Kate Hudson zdradza swoim fanom hollywoodzki sekret — mężczyźni też myślą o starzeniu się. Nigdy byśmy się tego nie dowiedzieli, ponieważ pytanie jest skierowane tylko do kobiet po przekroczeniu 40 roku życia. Kiedy ostatnio Brad Pitt zadał to pytanie? Odpowiedź może brzmieć nigdy, więc udowadnia coś.
43-letnia aktorka przyznał Do Byrdie że „naprawdę nie myśli o [starzeniu się]”, ponieważ jest zbyt zajęta cieszeniem się „jak dotąd ulubioną dekadą”. Oczywiście w każdym wywiadzie temat wydaje się wkradać. „Myślę, że nacisk kładzie się znacznie bardziej na zewnątrz niż na wnętrze, co wiele mówi o tym, jak jesteśmy zaprogramowani” — wyjaśniła. „Ponieważ jedyny czas, kiedy myślę o starzeniu się, to czas kiedy pytają mnie, co myślę o starzeniu się”.
Podczas Noże Out 2: Szklana Cebula Gwiazda przyznała, że jest fanką wypróbowywanie nowych produktów przeciwstarzeniowych, uważa za interesujące, że mężczyźni tak naprawdę nie dostają tych samych pytań”. (Trochę jak pytanie „Kto masz na sobie” na czerwony dywan.) Następnie informuje wszystkich, że mężczyźni w Hollywood mają bardzo podobne obawy co do ich występów przed kamerą wygląd. „Ale wiesz, tak samo martwią się starzeniem” – ujawniła.
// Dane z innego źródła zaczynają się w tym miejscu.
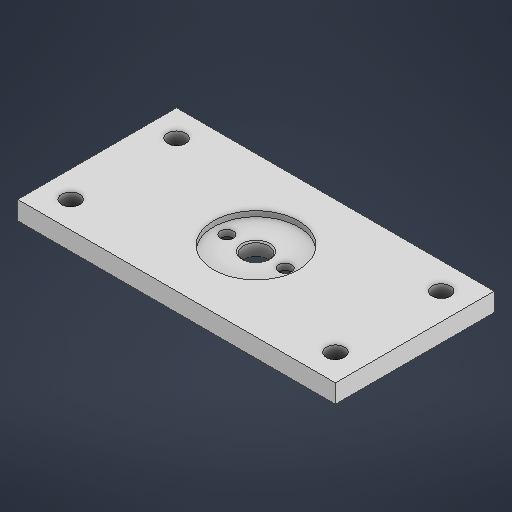
# Autodesk Inventor part: motor mount plate
Saved by Autodesk Inventor 2025.2 (Build 292293000, 293)
## iProperties
Created: 2025-05-10
Part Number: motor mount plate
Material: Generic
Document SubType Name: Modeling
Designer: klawy
Density: 1 g/cm^3
Appearance: Default
Author: klawy
Autodesk Inventor part; units mm, degrees
ref_plane "YZ Plane" through (0, 0, 0) normal (1, 0, 0) x (0, 1, 0)
ref_plane "XZ Plane" through (0, 0, 0) normal (0, 1, 0) x (-1, 0, 0)
ref_plane "XY Plane" through (0, 0, 0) normal (0, 0, 1) x (1, 0, 0)
sketch "Sketch1" plane through (0, 0, 0) normal (0, 1, 0) x (-1, 0, 0)
  circle A0 centre (0, 0) radius 8 construction
  circle A1 centre (0, 0) radius 2.35
  line L0 (30, 15) -> (-30, 15)
  line L1 (-30, 15) -> (-30, -15)
  line L2 (-30, -15) -> (30, -15)
  line L3 (30, -15) -> (30, 15)
  line L4 (0, -21) -> (0, 21) projected
  point P0 (0, 15)
  dimension "d0" = 16
  dimension "d3" = 4.7
  dimension "d4" = 60
  dimension "d5" = 30
  dimension "d6" = 15
  constraints: 8 end point, 2 centre point, 2 coincident, 2 parallel, 1 horizontal, 1 midpoint, 1 perpendicular, 1 point on line
  measures "d0" diameter of A0
  measures "d3" diameter of A1
  measures "d4" distance of L0.start L0.end
  measures "d5" distance of L0.end L1.end
  measures "d6" distance from line of L0 point (0, 0)
extrude "Extrusion1" add sketch "Sketch1" along normal blind 2.5 contours A1 L4 L0 L3 L2 | A1 L4 L2 L1 L0
sketch "Sketch2" plane through (0, 2.5, 0) normal (0, 1, 0) x (1, 0, 0)
  circle A0 centre (0, 0) radius 3.5
  line L0 (-30, 15) -> (-30, -15) projected
  line L1 (-30, -15) -> (30, -15) projected
  line L2 (30, -15) -> (30, 15) projected
  line L3 (30, 15) -> (-30, 15) projected
  circle A1 centre (0, 0) radius 2.35 projected
  dimension "d9" = 7
  constraints: 1 centre point, 1 coincident
  measures "d9" diameter of A0
extrude "Extrusion2" add sketch "Sketch2" along normal blind 1 contours L3 L2 L1 L0
sketch "Sketch4" plane through (0, 0, 0) normal (0, -1, 0) x (1, 0, 0)
  line L0 (-42, 0) -> (42, 0) projected
  point P0 (0, 0)
  point P1 (-5.5, 0)
  point P2 (5.5, 0)
  dimension "d18" = 360
  dimension "d20" = 5.5
  constraints: 1 point on line, 3 other
  measures "d20" distance of point (0, 0) point (-5.5, 0)
hole "Hole1" at (-5.5, 0, 0) at (5.5, 0, 0) direction (0, 1, 0) diameter 2.4 end through all counterbore diameter 4.4 counterbore depth 2.3 clearance for "Socket Head Cap Screw ISO 4762" size "M2" standard "ISO"
sketch "Sketch5" plane through (0, 2.5, 0) normal (0, 1, 0) x (1, 0, 0)
  circle A0 centre (0, 0) radius 8
  dimension "d30" = 16
  constraints: 1 centre point, 1 coincident
  measures "d30" diameter of A0
extrude "Extrusion3" cut sketch "Sketch5" along normal blind 1
sketch "Sketch7" plane through (0, 0, 0) normal (0, -1, 0) x (1, 0, 0)
  circle A0 centre (-25, 10) radius 4
  line L0 (-30, 15) -> (30, 15) projected
  line L1 (-30, -15) -> (-30, 15) projected
  circle A1 centre (25, 10) radius 4
  circle A2 centre (-25, -10) radius 4
  circle A3 centre (25, -10) radius 4
  point P0 (0, 0)
  dimension "d34" = 8
  dimension "d35" = 5
  dimension "d36" = 5
  dimension "d39" = 50
  dimension "d42" = 20
  constraints: 4 centre point, 1 horizontal, 1 vertical, 6 other
  measures "d34" diameter of A0
  measures "d35" distance from line of L0 A0.centre
  measures "d36" distance from line of L1 A0.centre
  measures "d39" distance of A0.centre A1.centre
  measures "d42" distance of A0.centre A2.centre
extrude "Extrusion4" cut sketch "Sketch7" against normal blind 1
chamfer "Chamfer1" distance 0.25 angle 45 1 edges at (2.35, 2.5, 0)
sketch "Sketch9" plane through (0, 3.5, 0) normal (0, 1, 0) x (1, 0, 0)
  circle A0 centre (-25, -10) radius 4 construction
  point P0 (0, 0)
  constraints: 1 coincident
hole "Hole2" at (-25, 3.5, 10) direction (0, -1, 0) diameter 3.4 end through all clearance for "Socket Head Cap Screw ISO 4762" size "M3" standard "ISO"
pattern_linear "Rectangular Pattern1" count 2 spacing 20 along (0, 0, -1) count 2 spacing 50 along (1, 0, 0) of "Hole2"
sketch "Sketch10" plane through (5.5, 2.3, 0) normal (0, -1, 0) x (1, 0, 0)
  circle A0 centre (0, 0) radius 2.2 projected
  circle A1 centre (0, 0) radius 1.2 projected
  circle A2 centre (-11, 0) radius 2.2 projected
  circle A3 centre (-11, 0) radius 1.2 projected
  point P0 (-5.5, 0)
extrude "Extrusion6" add sketch "Sketch10" along normal blind 1
body "Solid1"

Hudson woli skupić się na doświadczeniach, które czynią ją „czuć się żywym i podekscytowanym”, a nie na tym, jak wygląda – myśli od środka. „Zawsze uwielbiałam skakać na głęboką wodę – i czasami stawia mnie to w nienajlepszym miejscu” – podsumowała – „Ale przede wszystkim to naprawdę stawia mnie na właściwej ścieżce”.
Zanim przejdziesz, kliknij Tutaj zobaczyć wszystkie celebrytki, które wypowiadały się na temat ageizmu.